**TASK**
Every line from the top of the records through the line containing "doc.layers.add('LAYER_1', color=18, linetype='CONTINUOUS')" should be retyped exactly; the pictures should not.
------
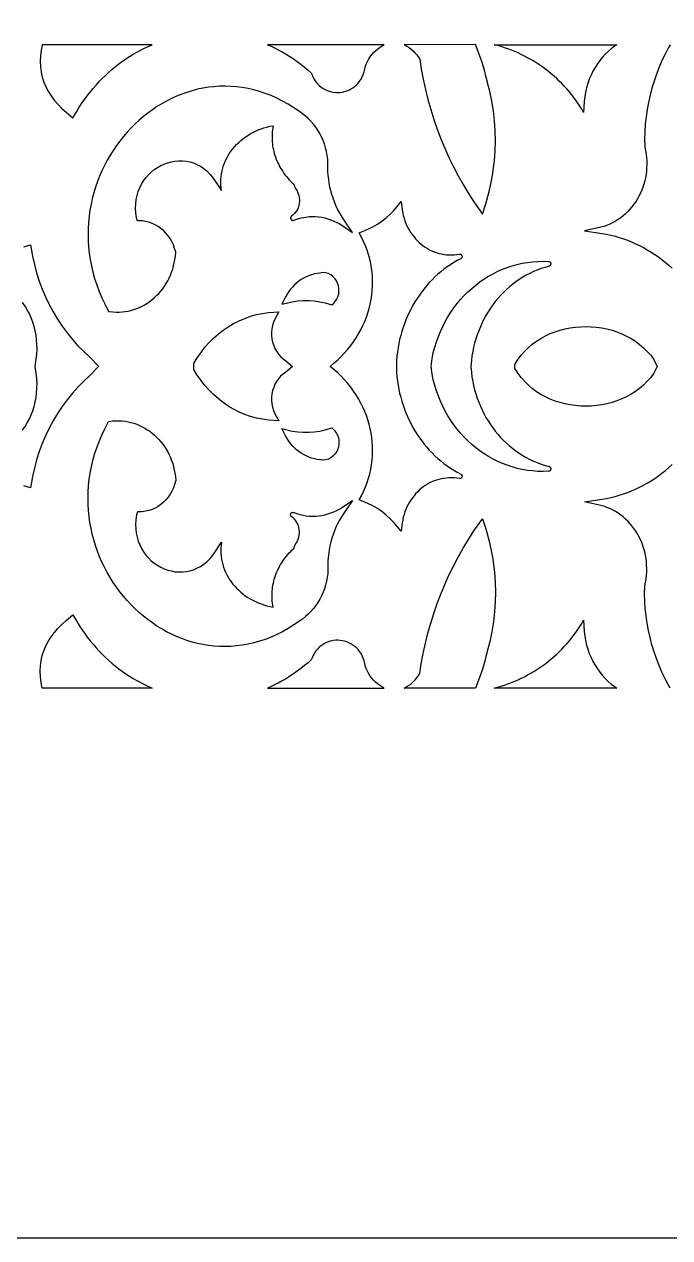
# Model space of a CAD drawing. Extents: x -1917 to -261, y -485 to 605.
# Drawn here: x -1608.4 to -1526.1, y -484.9 to -330.3 of the extents above; entities that cross this region are included whole.
import ezdxf

# ---------------------------------------------------------------- set-up
doc = ezdxf.new("R2010")
doc.units = 0
doc.layers.add('LAYER_1', color=18, linetype='CONTINUOUS')

msp = doc.modelspace()

# ---------------------------------------------------------------- linework, layer by layer
at = {"layer": 'LAYER_1'}
for points in [[(-1916.61, -484.86), (-721.61, -484.86), (-721.61, 605.14), (-1916.61, 605.14)], [(-1592.08, -332.89), (-1606.06, -332.89), (-1606.2, -333.59), (-1606.29, -334.32), (-1606.32, -335.03), (-1606.29, -335.72), (-1606.21, -336.38), (-1606.06, -337.03), (-1605.86, -337.65), (-1605.6, -338.25), (-1605.3, -338.83), (-1604.94, -339.4), (-1604.53, -339.94), (-1604.07, -340.48), (-1603.56, -341), (-1603.01, -341.5), (-1602.16, -342.22), (-1601.67, -341.38), (-1601.35, -340.86), (-1601.02, -340.36), (-1600.68, -339.87), (-1600.33, -339.39), (-1599.97, -338.92), (-1599.6, -338.47), (-1599.21, -338.03), (-1598.82, -337.6), (-1598.43, -337.19), (-1598.02, -336.8), (-1597.6, -336.41), (-1597.18, -336.04), (-1596.75, -335.68), (-1596.31, -335.34), (-1595.86, -335.01), (-1595.41, -334.7), (-1594.95, -334.4), (-1594.48, -334.11), (-1594.01, -333.84), (-1593.05, -333.33)], [(-1562.49, -332.89), (-1577.35, -332.89), (-1576.99, -333.05), (-1576.48, -333.29), (-1575.99, -333.54), (-1575.49, -333.8), (-1575, -334.09), (-1574.52, -334.39), (-1574.04, -334.7), (-1573.57, -335.04), (-1573.1, -335.38), (-1572.64, -335.75), (-1572.18, -336.13), (-1571.79, -336.48), (-1571.69, -336.73), (-1571.55, -337.05), (-1571.38, -337.35), (-1571.19, -337.62), (-1570.99, -337.86), (-1570.77, -338.09), (-1570.54, -338.28), (-1570.29, -338.46), (-1570.04, -338.6), (-1569.77, -338.73), (-1569.5, -338.83), (-1569.22, -338.9), (-1568.94, -338.95), (-1568.66, -338.98), (-1568.38, -338.99), (-1568.09, -338.97), (-1567.81, -338.93), (-1567.54, -338.86), (-1567.26, -338.78), (-1567, -338.67), (-1566.74, -338.53), (-1566.49, -338.38), (-1566.26, -338.2), (-1566.03, -338), (-1565.82, -337.78), (-1565.63, -337.54), (-1565.45, -337.28), (-1565.3, -336.99), (-1565.16, -336.69), (-1565.05, -336.36), (-1564.96, -336.02), (-1564.91, -335.7), (-1564.78, -335.36), (-1564.63, -335.03), (-1564.46, -334.71), (-1564.27, -334.42), (-1564.06, -334.14), (-1563.85, -333.89), (-1563.61, -333.66), (-1563.37, -333.45), (-1563.11, -333.25), (-1562.85, -333.08), (-1562.57, -332.93)], [(-1550.86, -332.87), (-1559.94, -332.89), (-1559.88, -332.92), (-1559.6, -333.07), (-1559.33, -333.25), (-1559.07, -333.45), (-1558.81, -333.67), (-1558.58, -333.91), (-1558.35, -334.18), (-1558.14, -334.48), (-1557.97, -334.75), (-1557.77, -335.99), (-1557.53, -337.3), (-1557.25, -338.59), (-1556.93, -339.88), (-1556.57, -341.15), (-1556.18, -342.4), (-1555.75, -343.64), (-1555.29, -344.87), (-1554.79, -346.07), (-1554.25, -347.26), (-1553.68, -348.44), (-1553.08, -349.59), (-1552.44, -350.72), (-1551.77, -351.83), (-1551.06, -352.92), (-1549.99, -354.46), (-1549.6, -353.29), (-1549.41, -352.68), (-1549.24, -352.06), (-1549.08, -351.44), (-1548.94, -350.82), (-1548.81, -350.19), (-1548.69, -349.56), (-1548.6, -348.93), (-1548.51, -348.3), (-1548.44, -347.67), (-1548.35, -346.4), (-1548.32, -345.12), (-1548.34, -343.85), (-1548.43, -342.58), (-1548.57, -341.32), (-1548.78, -340.07), (-1548.9, -339.44), (-1549.04, -338.82), (-1549.19, -338.2), (-1549.36, -337.59), (-1549.39, -337.49), (-1549.53, -336.9), (-1549.69, -336.32), (-1549.86, -335.73), (-1550.03, -335.15), (-1550.22, -334.58), (-1550.43, -334), (-1550.64, -333.43)], [(-1532.86, -332.89), (-1533.15, -333.08), (-1533.56, -333.4), (-1533.95, -333.74), (-1534.33, -334.11), (-1534.69, -334.5), (-1535.03, -334.91), (-1535.34, -335.35), (-1535.64, -335.81), (-1535.91, -336.28), (-1536.15, -336.78), (-1536.37, -337.29), (-1536.55, -337.83), (-1536.72, -338.38), (-1536.85, -338.94), (-1536.95, -339.52), (-1537.01, -340.12), (-1537.09, -341.52), (-1537.33, -341.12), (-1537.57, -340.72), (-1537.83, -340.34), (-1538.09, -339.96), (-1538.37, -339.58), (-1538.65, -339.22), (-1538.94, -338.86), (-1539.24, -338.52), (-1539.55, -338.17), (-1539.87, -337.84), (-1540.19, -337.52), (-1540.52, -337.2), (-1540.86, -336.9), (-1541.21, -336.6), (-1541.56, -336.31), (-1541.92, -336.03), (-1542.29, -335.76), (-1542.66, -335.5), (-1543.04, -335.25), (-1543.43, -335.01), (-1543.82, -334.77), (-1544.22, -334.55), (-1544.62, -334.34), (-1545.03, -334.13), (-1545.45, -333.94), (-1545.87, -333.76), (-1546.3, -333.59), (-1546.73, -333.43), (-1547.16, -333.27), (-1547.6, -333.13), (-1548.04, -333.01), (-1548.49, -332.89)], [(-1574.02, -350.67), (-1573.83, -351.17), (-1573.65, -351.43), (-1573.53, -351.65), (-1573.44, -351.88), (-1573.37, -352.11), (-1573.32, -352.35), (-1573.29, -352.6), (-1573.29, -352.84), (-1573.32, -353.09), (-1573.36, -353.32), (-1573.43, -353.56), (-1573.52, -353.78), (-1573.63, -354), (-1573.76, -354.2), (-1573.92, -354.39), (-1574.09, -354.56), (-1574.3, -354.72), (-1574.35, -354.76), (-1574.38, -354.81), (-1574.4, -354.86), (-1574.42, -354.91), (-1574.42, -354.96), (-1574.42, -355.01), (-1574.4, -355.07), (-1574.38, -355.11), (-1574.36, -355.16), (-1574.32, -355.2), (-1574.29, -355.23), (-1574.24, -355.26), (-1574.19, -355.27), (-1574.14, -355.28), (-1574.08, -355.28), (-1574.02, -355.26), (-1573.63, -355.11), (-1573.24, -355), (-1572.84, -354.9), (-1572.44, -354.84), (-1572.04, -354.79), (-1571.64, -354.78), (-1571.24, -354.78), (-1570.84, -354.82), (-1570.44, -354.87), (-1570.05, -354.96), (-1569.66, -355.06), (-1569.28, -355.19), (-1568.9, -355.35), (-1568.53, -355.53), (-1568.17, -355.73), (-1566.52, -356.8), (-1567.7, -355.11), (-1567.96, -354.69), (-1568.21, -354.27), (-1568.44, -353.83), (-1568.65, -353.38), (-1568.84, -352.92), (-1569.01, -352.46), (-1569.16, -351.99), (-1569.29, -351.51), (-1569.41, -351.02), (-1569.5, -350.53), (-1569.57, -350.04), (-1569.63, -349.54), (-1569.66, -349.03), (-1569.67, -348.53), (-1569.66, -348), (-1569.7, -347.49), (-1569.76, -346.99), (-1569.85, -346.5), (-1569.97, -346.02), (-1570.12, -345.54), (-1570.29, -345.09), (-1570.49, -344.64), (-1570.71, -344.21), (-1570.96, -343.79), (-1571.23, -343.39), (-1571.52, -343.01), (-1571.83, -342.65), (-1572.17, -342.3), (-1572.52, -341.98), (-1572.9, -341.68), (-1573.28, -341.42), (-1574, -340.93), (-1574.72, -340.48), (-1575.45, -340.07), (-1576.18, -339.7), (-1576.91, -339.38), (-1577.65, -339.09), (-1578.38, -338.85), (-1579.12, -338.64), (-1579.85, -338.48), (-1580.58, -338.35), (-1581.31, -338.25), (-1582.03, -338.2), (-1582.76, -338.18), (-1583.47, -338.19), (-1584.19, -338.24), (-1584.89, -338.32), (-1585.59, -338.43), (-1586.28, -338.57), (-1586.96, -338.75), (-1587.64, -338.96), (-1588.3, -339.19), (-1588.96, -339.46), (-1589.6, -339.75), (-1590.23, -340.07), (-1590.85, -340.41), (-1591.45, -340.78), (-1592.04, -341.18), (-1592.62, -341.6), (-1593.18, -342.05), (-1593.72, -342.51), (-1594.25, -343), (-1594.76, -343.51), (-1595.26, -344.04), (-1595.73, -344.59), (-1596.18, -345.16), (-1596.62, -345.75), (-1597.03, -346.36), (-1597.42, -346.98), (-1597.79, -347.62), (-1598.14, -348.28), (-1598.46, -348.94), (-1598.76, -349.63), (-1599.03, -350.33), (-1599.28, -351.04), (-1599.5, -351.76), (-1599.69, -352.49), (-1599.85, -353.23), (-1599.99, -353.99), (-1600.1, -354.75), (-1600.17, -355.52), (-1600.22, -356.29), (-1600.23, -357.08), (-1600.21, -357.87), (-1600.16, -358.66), (-1600.08, -359.46), (-1599.96, -360.27), (-1599.81, -361.07), (-1599.62, -361.88), (-1599.39, -362.69), (-1599.13, -363.5), (-1598.82, -364.31), (-1598.48, -365.12), (-1598.1, -365.92), (-1597.61, -366.86), (-1597.07, -366.93), (-1596.67, -366.95), (-1596.28, -366.95), (-1595.89, -366.93), (-1595.51, -366.88), (-1595.13, -366.82), (-1594.76, -366.73), (-1594.39, -366.62), (-1594.03, -366.5), (-1593.68, -366.35), (-1593.34, -366.19), (-1593, -366.01), (-1592.68, -365.81), (-1592.36, -365.59), (-1592.06, -365.36), (-1591.77, -365.11), (-1591.49, -364.85), (-1591.22, -364.57), (-1590.96, -364.27), (-1590.72, -363.97), (-1590.49, -363.65), (-1590.28, -363.31), (-1590.08, -362.97), (-1589.9, -362.61), (-1589.73, -362.24), (-1589.58, -361.86), (-1589.45, -361.47), (-1589.33, -361.07), (-1589.24, -360.66), (-1589.16, -360.25), (-1589.1, -359.82), (-1589.06, -359.34), (-1589.2, -358.84), (-1589.36, -358.4), (-1589.56, -357.98), (-1589.78, -357.59), (-1590.04, -357.22), (-1590.32, -356.88), (-1590.63, -356.57), (-1590.96, -356.29), (-1591.31, -356.04), (-1591.69, -355.83), (-1592.08, -355.65), (-1592.48, -355.51), (-1592.9, -355.4), (-1593.33, -355.34), (-1593.76, -355.32), (-1593.95, -355.33), (-1594.04, -354.94), (-1594.14, -354.33), (-1594.17, -353.75), (-1594.16, -353.18), (-1594.1, -352.63), (-1593.99, -352.1), (-1593.84, -351.6), (-1593.64, -351.12), (-1593.41, -350.66), (-1593.15, -350.23), (-1592.85, -349.83), (-1592.52, -349.46), (-1592.17, -349.12), (-1591.79, -348.81), (-1591.39, -348.53), (-1590.97, -348.29), (-1590.53, -348.09), (-1590.08, -347.93), (-1589.62, -347.8), (-1589.16, -347.72), (-1588.69, -347.67), (-1588.21, -347.68), (-1587.74, -347.72), (-1587.27, -347.81), (-1586.81, -347.95), (-1586.36, -348.14), (-1585.92, -348.38), (-1585.49, -348.67), (-1585.07, -349.02), (-1584.68, -349.42), (-1584.3, -349.88), (-1583.22, -351.47), (-1583.22, -351.47), (-1583.27, -351.11), (-1583.3, -350.74), (-1583.31, -350.38), (-1583.3, -350.02), (-1583.27, -349.67), (-1583.22, -349.32), (-1583.15, -348.97), (-1583.06, -348.63), (-1582.96, -348.3), (-1582.84, -347.97), (-1582.7, -347.64), (-1582.54, -347.33), (-1582.38, -347.02), (-1582.19, -346.72), (-1581.99, -346.43), (-1581.77, -346.14), (-1581.54, -345.87), (-1581.3, -345.6), (-1581.04, -345.35), (-1580.77, -345.11), (-1580.49, -344.88), (-1580.2, -344.66), (-1579.89, -344.45), (-1579.57, -344.25), (-1579.24, -344.07), (-1578.9, -343.9), (-1578.55, -343.75), (-1578.19, -343.61), (-1577.82, -343.49), (-1577.44, -343.38), (-1577.05, -343.29), (-1576.66, -343.21), (-1576.7, -343.47), (-1576.73, -343.72), (-1576.76, -343.98), (-1576.78, -344.23), (-1576.79, -344.49), (-1576.79, -344.74), (-1576.78, -344.99), (-1576.76, -345.25), (-1576.74, -345.5), (-1576.71, -345.75), (-1576.67, -346), (-1576.62, -346.25), (-1576.56, -346.49), (-1576.5, -346.74), (-1576.42, -346.98), (-1576.34, -347.22), (-1576.25, -347.46), (-1576.16, -347.7), (-1576.05, -347.93), (-1575.94, -348.17), (-1575.82, -348.39), (-1575.7, -348.62), (-1575.56, -348.84), (-1575.42, -349.06), (-1575.27, -349.28), (-1575.11, -349.49), (-1574.95, -349.7), (-1574.78, -349.9), (-1574.6, -350.1), (-1574.41, -350.3), (-1574.22, -350.49)], [(-1560.94, -373.87), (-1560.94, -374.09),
------
**WRITTEN REPLY**
# Model space of a CAD drawing. Extents: x -1917 to -261, y -485 to 605.
# Drawn here: x -1608.4 to -1526.1, y -484.9 to -330.3 of the extents above; entities that cross this region are included whole.
import ezdxf

# ---------------------------------------------------------------- set-up
doc = ezdxf.new("R2010")
doc.units = 0
doc.layers.add('LAYER_1', color=18, linetype='CONTINUOUS')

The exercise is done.